Thanks everyone. This helps.


----------



## jkhs (Sep 17, 2010)

I shred and freeze some for sweet breads, dehydrate some for soups, etc and this last year I pickled some to use as relish. The kids really enjoy the dehydrated "chips" as a snack-seasoned with a little garlic salt.


----------



## motdaugrnds (Jul 3, 2002)

Seems the only way to freeze squash is to grate it first; however, I've purchased "frozen" thick-sliced yellow squash and thick-sliced zuccini at the local grocery stores; so I know it can be done. I just don't know how to do it. (I need the thick-sliced for frying.)


----------



## calliemoonbeam (Aug 7, 2007)

Squash slices are never going to be great frozen, they just have a too-high water content. But...if you want to try it, I'd think flash freezing is the way to go.

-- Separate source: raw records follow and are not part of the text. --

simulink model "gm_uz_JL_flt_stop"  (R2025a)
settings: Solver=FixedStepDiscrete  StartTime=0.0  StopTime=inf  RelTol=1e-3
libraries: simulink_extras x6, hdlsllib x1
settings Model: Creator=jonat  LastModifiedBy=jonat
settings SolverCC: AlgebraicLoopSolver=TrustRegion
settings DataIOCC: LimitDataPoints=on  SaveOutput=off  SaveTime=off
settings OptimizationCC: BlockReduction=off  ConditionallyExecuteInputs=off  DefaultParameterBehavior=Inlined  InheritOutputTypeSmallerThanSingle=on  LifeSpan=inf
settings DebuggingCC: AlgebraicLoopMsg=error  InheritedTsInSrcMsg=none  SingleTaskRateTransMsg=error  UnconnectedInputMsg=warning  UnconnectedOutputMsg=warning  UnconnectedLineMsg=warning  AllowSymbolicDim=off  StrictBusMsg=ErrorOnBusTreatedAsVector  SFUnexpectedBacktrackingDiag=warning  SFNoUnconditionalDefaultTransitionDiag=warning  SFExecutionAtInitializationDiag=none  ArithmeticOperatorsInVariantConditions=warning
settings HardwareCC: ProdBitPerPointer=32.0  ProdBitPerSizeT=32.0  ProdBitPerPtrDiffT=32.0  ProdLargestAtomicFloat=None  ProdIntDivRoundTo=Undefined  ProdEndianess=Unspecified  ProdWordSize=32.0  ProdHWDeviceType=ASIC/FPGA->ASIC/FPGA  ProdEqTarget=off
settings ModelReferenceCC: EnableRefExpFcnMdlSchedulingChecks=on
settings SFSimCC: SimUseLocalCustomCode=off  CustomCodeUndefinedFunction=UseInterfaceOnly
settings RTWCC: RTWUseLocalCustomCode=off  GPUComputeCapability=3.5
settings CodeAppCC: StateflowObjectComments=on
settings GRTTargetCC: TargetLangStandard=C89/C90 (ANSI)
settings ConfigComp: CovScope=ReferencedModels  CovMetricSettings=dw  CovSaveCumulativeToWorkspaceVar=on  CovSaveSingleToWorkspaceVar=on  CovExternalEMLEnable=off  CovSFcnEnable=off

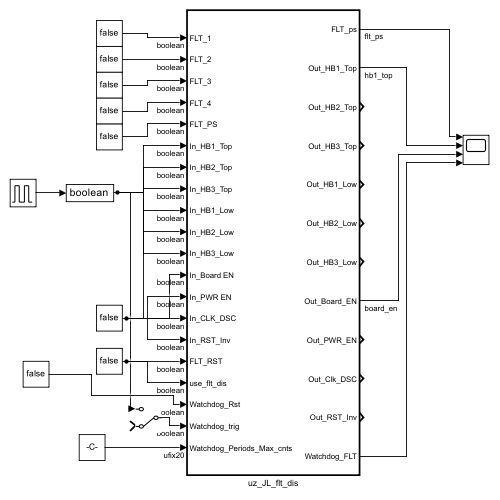
[thumbnail: Simulink's stored preview of the top-level diagram]
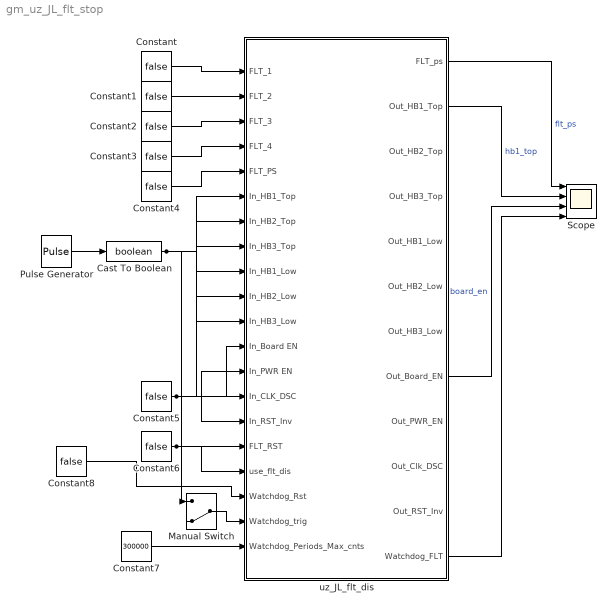
== system gm_uz_JL_flt_stop ==
  Cast To Boolean : DataTypeConversion  OutDataTypeStr=boolean  SaturateOnIntegerOverflow=off  RndMeth=Floor
  Constant{,1..6,8} (8 alike) : Constant  Value=false  OutDataTypeStr=boolean
  Constant7 : Constant  Value=300000  OutDataTypeStr=fixdt(0,20,0)
  Manual Switch : ManualSwitch  CurrentSetting=0
  Pulse Generator : DiscretePulseGenerator  PulseType=Time based  Period=1/10e3  PulseWidth=50
  Scope : Scope  NumInputPorts=4
      settings: ActiveDisplayYMinimum=-0.12499999999999997  ActiveDisplayYMaximum=1.125
  uz_JL_flt_dis : Subsystem  TreatAsAtomicUnit=on
  wires:
  Constant8/1 -> uz_JL_flt_dis/18(Watchdog_Rst)
  Manual Switch/1 -> uz_JL_flt_dis/19(Watchdog_trig)
  uz_JL_flt_dis/12(Watchdog_FLT) -> Scope/4
  Constant7/1 -> uz_JL_flt_dis/20(Watchdog_Periods_Max_cnts)
  Cast To Boolean/1 -> uz_JL_flt_dis/9(In_HB1_Low), uz_JL_flt_dis/10(In_HB2_Low), uz_JL_flt_dis/11(In_HB3_Low), uz_JL_flt_dis/14(In_CLK_DSC), uz_JL_flt_dis/7(In_HB2_Top), uz_JL_flt_dis/6(In_HB1_Top), uz_JL_flt_dis/8(In_HB3_Top), Manual Switch/1
  uz_JL_flt_dis/8(Out_Board_EN) -> Scope/3  "board_en"
  uz_JL_flt_dis/2(Out_HB1_Top) -> Scope/2  "hb1_top"
  uz_JL_flt_dis/1(FLT_ps) -> Scope/1  "flt_ps"
  Constant6/1 -> uz_JL_flt_dis/16(FLT_RST), uz_JL_flt_dis/17(use_flt_dis)
  Constant5/1 -> uz_JL_flt_dis/12(In_Board EN), uz_JL_flt_dis/13(In_PWR EN), uz_JL_flt_dis/15(In_RST_Inv)
  Pulse Generator/1 -> Cast To Boolean/1
  Constant4/1 -> uz_JL_flt_dis/5(FLT_PS)
  Constant3/1 -> uz_JL_flt_dis/4(FLT_4)
  Constant2/1 -> uz_JL_flt_dis/3(FLT_3)
  Constant1/1 -> uz_JL_flt_dis/2(FLT_2)
  Constant/1 -> uz_JL_flt_dis/1(FLT_1)

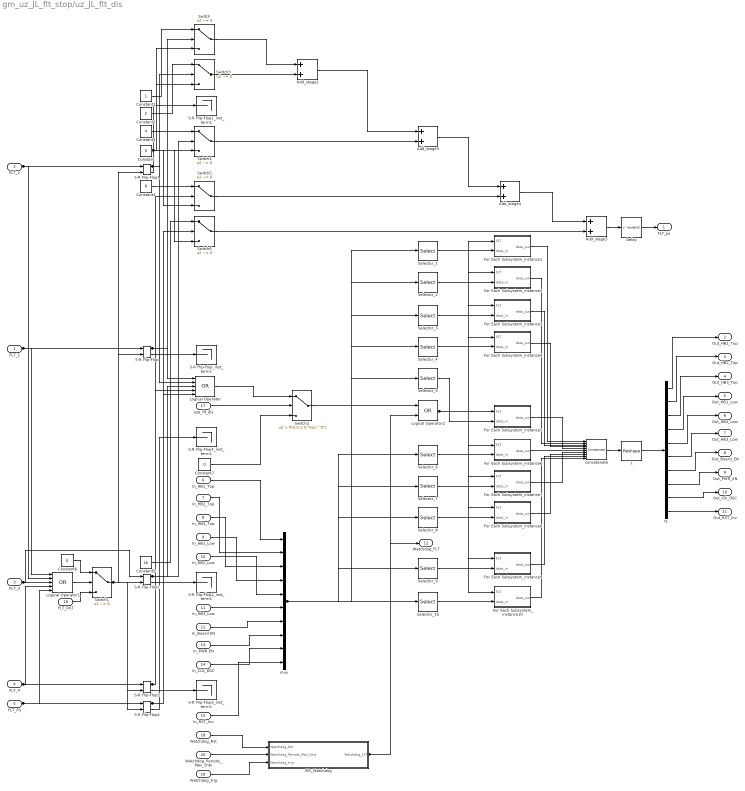
== system gm_uz_JL_flt_stop/uz_JL_flt_dis ==
  FLT_1 : Inport  OutDataTypeStr=boolean  PortDimensions=1  SampleTime=5e-05
  FLT_2 : Inport  Port=2  OutDataTypeStr=boolean  PortDimensions=1  SampleTime=5e-05
  FLT_3 : Inport  Port=3  OutDataTypeStr=boolean  PortDimensions=1  SampleTime=5e-05
  FLT_4 : Inport  Port=4  OutDataTypeStr=boolean  PortDimensions=1  SampleTime=5e-05
  FLT_PS : Inport  Port=5  OutDataTypeStr=boolean  PortDimensions=1  SampleTime=5e-05
  In_HB1_Top : Inport  Port=6  OutDataTypeStr=boolean  PortDimensions=1  SampleTime=5e-05
  In_HB2_Top : Inport  Port=7  OutDataTypeStr=boolean  PortDimensions=1  SampleTime=5e-05
  In_HB3_Top : Inport  Port=8  OutDataTypeStr=boolean  PortDimensions=1  SampleTime=5e-05
  In_HB1_Low : Inport  Port=9  OutDataTypeStr=boolean  PortDimensions=1  SampleTime=5e-05
  In_HB2_Low : Inport  Port=10  OutDataTypeStr=boolean  PortDimensions=1  SampleTime=5e-05
  In_HB3_Low : Inport  Port=11  OutDataTypeStr=boolean  PortDimensions=1  SampleTime=5e-05
  In_Board EN : Inport  Port=12  OutDataTypeStr=boolean  PortDimensions=1  SampleTime=5e-05
  In_PWR EN : Inport  Port=13  OutDataTypeStr=boolean  PortDimensions=1  SampleTime=5e-05
  In_CLK_DSC : Inport  Port=14  OutDataTypeStr=boolean  PortDimensions=1  SampleTime=5e-05
  In_RST_Inv : Inport  Port=15  OutDataTypeStr=boolean  PortDimensions=1  SampleTime=5e-05
  FLT_RST : Inport  Port=16  OutDataTypeStr=boolean  PortDimensions=1  SampleTime=5e-05
  use_flt_dis : Inport  Port=17  OutDataTypeStr=boolean  PortDimensions=1  SampleTime=5e-05
  Watchdog_Rst : Inport  Port=18  OutDataTypeStr=boolean  PortDimensions=1  SampleTime=5e-05
  Watchdog_trig : Inport  Port=19  OutDataTypeStr=boolean  PortDimensions=1  SampleTime=5e-05
  Watchdog_Periods_Max_cnts : Inport  Port=20  OutDataTypeStr=fixdt(0, 20, 0)  PortDimensions=1  SampleTime=5e-05
  Add_stage2 : Sum  OutDataTypeStr=fixdt(0, 9, 0)  AccumDataTypeStr=fixdt(0, 11, 0)  SampleTime=5e-05
  Add_stage3 : Sum  OutDataTypeStr=fixdt(0, 10, 0)  AccumDataTypeStr=fixdt(0, 11, 0)  SampleTime=5e-05
  Add_stage4 : Sum  OutDataTypeStr=fixdt(0, 11, 0)  AccumDataTypeStr=fixdt(0, 11, 0)  SampleTime=5e-05
  Add_stage5 : Sum  OutDataTypeStr=fixdt(0, 11, 0)  AccumDataTypeStr=fixdt(0, 11, 0)  SampleTime=5e-05
  Constant : Constant  Value=0  OutDataTypeStr=uint8  SampleTime=5e-05
  Constant1 : Constant  OutDataTypeStr=uint8  SampleTime=5e-05
  Constant2 : Constant  Value=2  OutDataTypeStr=uint8  SampleTime=5e-05
  Constant3 : Constant  Value=4  OutDataTypeStr=uint8  SampleTime=5e-05
  Constant4 : Constant  Value=8  OutDataTypeStr=uint8  SampleTime=5e-05
  Constant5 : Constant  Value=16  OutDataTypeStr=uint8  SampleTime=5e-05
  Constant6 : Constant  Value=0  OutDataTypeStr=boolean  SampleTime=5e-05
  Constant7 : Constant  Value=0  OutDataTypeStr=boolean  SampleTime=5e-05
  Delay : Delay  DelayLength=double(1)  InitialCondition=0  SampleTime=5e-05
  For Each Subsystem_instance1 : Subsystem
  For Each Subsystem_instance10 : Subsystem
  For Each Subsystem_instance2 : Subsystem
  For Each Subsystem_instance3 : Subsystem
  For Each Subsystem_instance4 : Subsystem
  For Each Subsystem_instance5 : Subsystem
  For Each Subsystem_instance6 : Subsystem
  For Each Subsystem_instance7 : Subsystem
  For Each Subsystem_instance8 : Subsystem
  For Each Subsystem_instance9 : Subsystem
  ISR_Watchdog : Subsystem
  Logical Operator : Logic  Operator=OR  Inputs=5  AllPortsSameDT=off  OutDataTypeStr=boolean  SampleTime=5e-05
  Logical Operator1 : Logic  Operator=OR  Inputs=5  AllPortsSameDT=off  OutDataTypeStr=boolean  SampleTime=5e-05
  Logical Operator2 : Logic  Operator=OR  AllPortsSameDT=off  OutDataTypeStr=boolean  SampleTime=5e-05
  S-R Flip-Flop{,1..4} (5 alike) : simulink_extras/Flip Flops/S-R Flip-Flop  initial_condition=0
  S-R Flip-Flop1_inst_term1 : Terminator
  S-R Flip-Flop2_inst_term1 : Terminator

You can Google it, there are tons of sites. Basically, you blanch, dry, then lay on a cookie sheet in a single layer and freeze at the lowest temperature your freezer will go, then put individual slices in bags. I've flash frozen other foods, and it does have the advantage of having pieces instead of one big lump frozen together. However, most sites note that "Squash is hard to store and does not lend itself well to freezing. Commercial processors flash freeze squash, but it is always a bit slimy when thawed."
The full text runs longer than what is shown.